- 🇯🇵Japan tyler36 Osaka
So I can confirm this issue is present in Drupal 8, 9, 10.
I came across it today when migrating user data (machineName plugin) but stuggle with it whenever I enter Japanese in a label field, which then automatically generates a machine name.
I believe it comes down to this
TransliterationInterface::transliterate($string, $langcode = 'en', $unknown_character = '?', $max_length = NULL)
and more specificallyDrupal\Component\Transliteration::replace($code, $langcode, $unknown_character)
Drupal assumes the Chinese reading of kanji even when specifing Japanese. I have confirmed this on both a English default and Japanese default site.
$this->transliteration->transliterate('雑草', 'en', '_') "zacao" $this->transliteration->transliterate('雑草', 'ja', '_') "zacao"
Likewise, katakana, which is a script only used for Japanese writing, also has problems; Eg. 'ポケットブックインライン'
Drupal 10 converts this to "hoke~tsutofu~tsukuinrain", however it should be "pokettobukkuinrain".
1. It incorrectly handles "ッ" which should double the next letter (tto, kku)
2. It also incorrectly handles diacritic marks: ポ (po) as ホ (ho) in katakana.
The diacritic problems exists in both Katakana and Hirgana; and there are 25 characters with diacritic marks in each so 50 total.

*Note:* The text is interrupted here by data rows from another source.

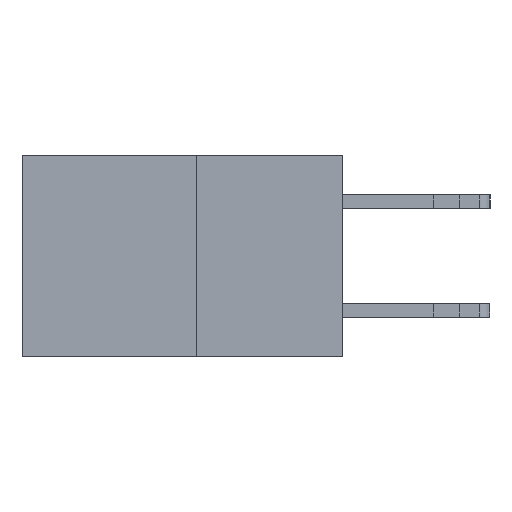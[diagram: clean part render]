
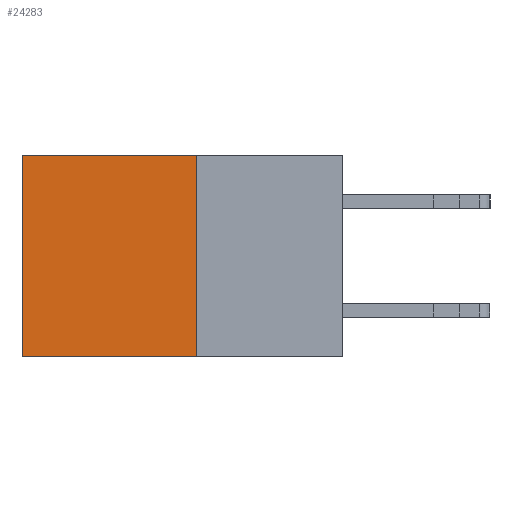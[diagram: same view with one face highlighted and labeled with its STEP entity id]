
A CAD part, left-side view. The second image highlights one B-rep face of the part: STEP entity #24283.
In plain terms, the highlighted planar face has unit normal (-1, 0, 0).
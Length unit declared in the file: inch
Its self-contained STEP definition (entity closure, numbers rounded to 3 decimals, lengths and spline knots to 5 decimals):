
#56 = DIRECTION ( 'NONE',  ( 0., 1., 0. ) ) ;
#512 = LINE ( 'NONE', #28628, #13226 ) ;
#710 = DIRECTION ( 'NONE',  ( 1., 0., 0. ) ) ;
#1823 = CARTESIAN_POINT ( 'NONE',  ( 0.277, 0.27, 0. ) ) ;
#1856 = EDGE_CURVE ( 'NONE', #9199, #30092, #512, .T. ) ;
#2623 = VECTOR ( 'NONE', #16807, 39.37008 ) ;
#3035 = CARTESIAN_POINT ( 'NONE',  ( 0.277, 0.27, -0.37 ) ) ;
#5921 = EDGE_LOOP ( 'NONE', ( #16768, #11929, #25193, #25922 ) ) ;
#8485 = VECTOR ( 'NONE', #22010, 39.37008 ) ;
#9199 = VERTEX_POINT ( 'NONE', #21758 ) ;
#9420 = VERTEX_POINT ( 'NONE', #27135 ) ;
#11929 = ORIENTED_EDGE ( 'NONE', *, *, #1856, .F. ) ;
#12901 = CARTESIAN_POINT ( 'NONE',  ( 0.277, 0.27, 0. ) ) ;
#13226 = VECTOR ( 'NONE', #56, 39.37008 ) ;
#14421 = CARTESIAN_POINT ( 'NONE',  ( 0.277, 0.59, -0.37 ) ) ;
#14996 = PLANE ( 'NONE',  #27520 ) ;
#15300 = EDGE_CURVE ( 'NONE', #21005, #9199, #18866, .T. ) ;
#16246 = FACE_OUTER_BOUND ( 'NONE', #5921, .T. ) ;
#16768 = ORIENTED_EDGE ( 'NONE', *, *, #21220, .T. ) ;
#16807 = DIRECTION ( 'NONE',  ( 0., 0., -1. ) ) ;
#16839 = VECTOR ( 'NONE', #26971, 39.37008 ) ;
#17395 = DIRECTION ( 'NONE',  ( 0., 0., -1. ) ) ;
#17869 = EDGE_CURVE ( 'NONE', #21005, #9420, #23076, .T. ) ;
#18866 = LINE ( 'NONE', #3035, #8485 ) ;
#21005 = VERTEX_POINT ( 'NONE', #1823 ) ;
#21220 = EDGE_CURVE ( 'NONE', #9420, #30092, #21556, .T. ) ;
#21556 = LINE ( 'NONE', #14421, #2623 ) ;
#21758 = CARTESIAN_POINT ( 'NONE',  ( 0.277, 0.27, -0.37 ) ) ;
#22010 = DIRECTION ( 'NONE',  ( 0., 0., -1. ) ) ;
#22809 = CARTESIAN_POINT ( 'NONE',  ( 0.277, 0.59, -0.37 ) ) ;
#23076 = LINE ( 'NONE', #12901, #16839 ) ;
#24283 = ADVANCED_FACE ( 'NONE', ( #16246 ), #14996, .F. ) ;
#25193 = ORIENTED_EDGE ( 'NONE', *, *, #15300, .F. ) ;
#25922 = ORIENTED_EDGE ( 'NONE', *, *, #17869, .T. ) ;
#26704 = CARTESIAN_POINT ( 'NONE',  ( 0.277, 0.27, -0.37 ) ) ;
#26971 = DIRECTION ( 'NONE',  ( 0., 1., 0. ) ) ;
#27135 = CARTESIAN_POINT ( 'NONE',  ( 0.277, 0.59, 0. ) ) ;
#27520 = AXIS2_PLACEMENT_3D ( 'NONE', #26704, #710, #17395 ) ;
#28628 = CARTESIAN_POINT ( 'NONE',  ( 0.277, 0.27, -0.37 ) ) ;
#30092 = VERTEX_POINT ( 'NONE', #22809 ) ;

Katanana: ホ (ho), ボ (bo), ポ (po) => ho
Hiragana: ほ (ho), ぼ (bo), ぽ (po) => ho - 🇨🇦Canada joseph.olstad
@tyler36, is your database MySQL /MariaDB ? what db type? Also what collation type are you using for your Drupal database? utf8mb4_general_ci is the one that you should most likely be using. If you install Drupal with utf8mb4_general_ci , or convert your database to use utf8mb4_general_ci , this might resolve your issues. Try a fresh install of Drupal on a database using utf8mb4_general_ci
What collation type are you currently using?
- 🇯🇵Japan tyler36 Osaka
@joseph.olstad Thanks for the reply and link to parent issue.
Database is MariaDB:10.4 using "utf8mb4_general_ci" collation.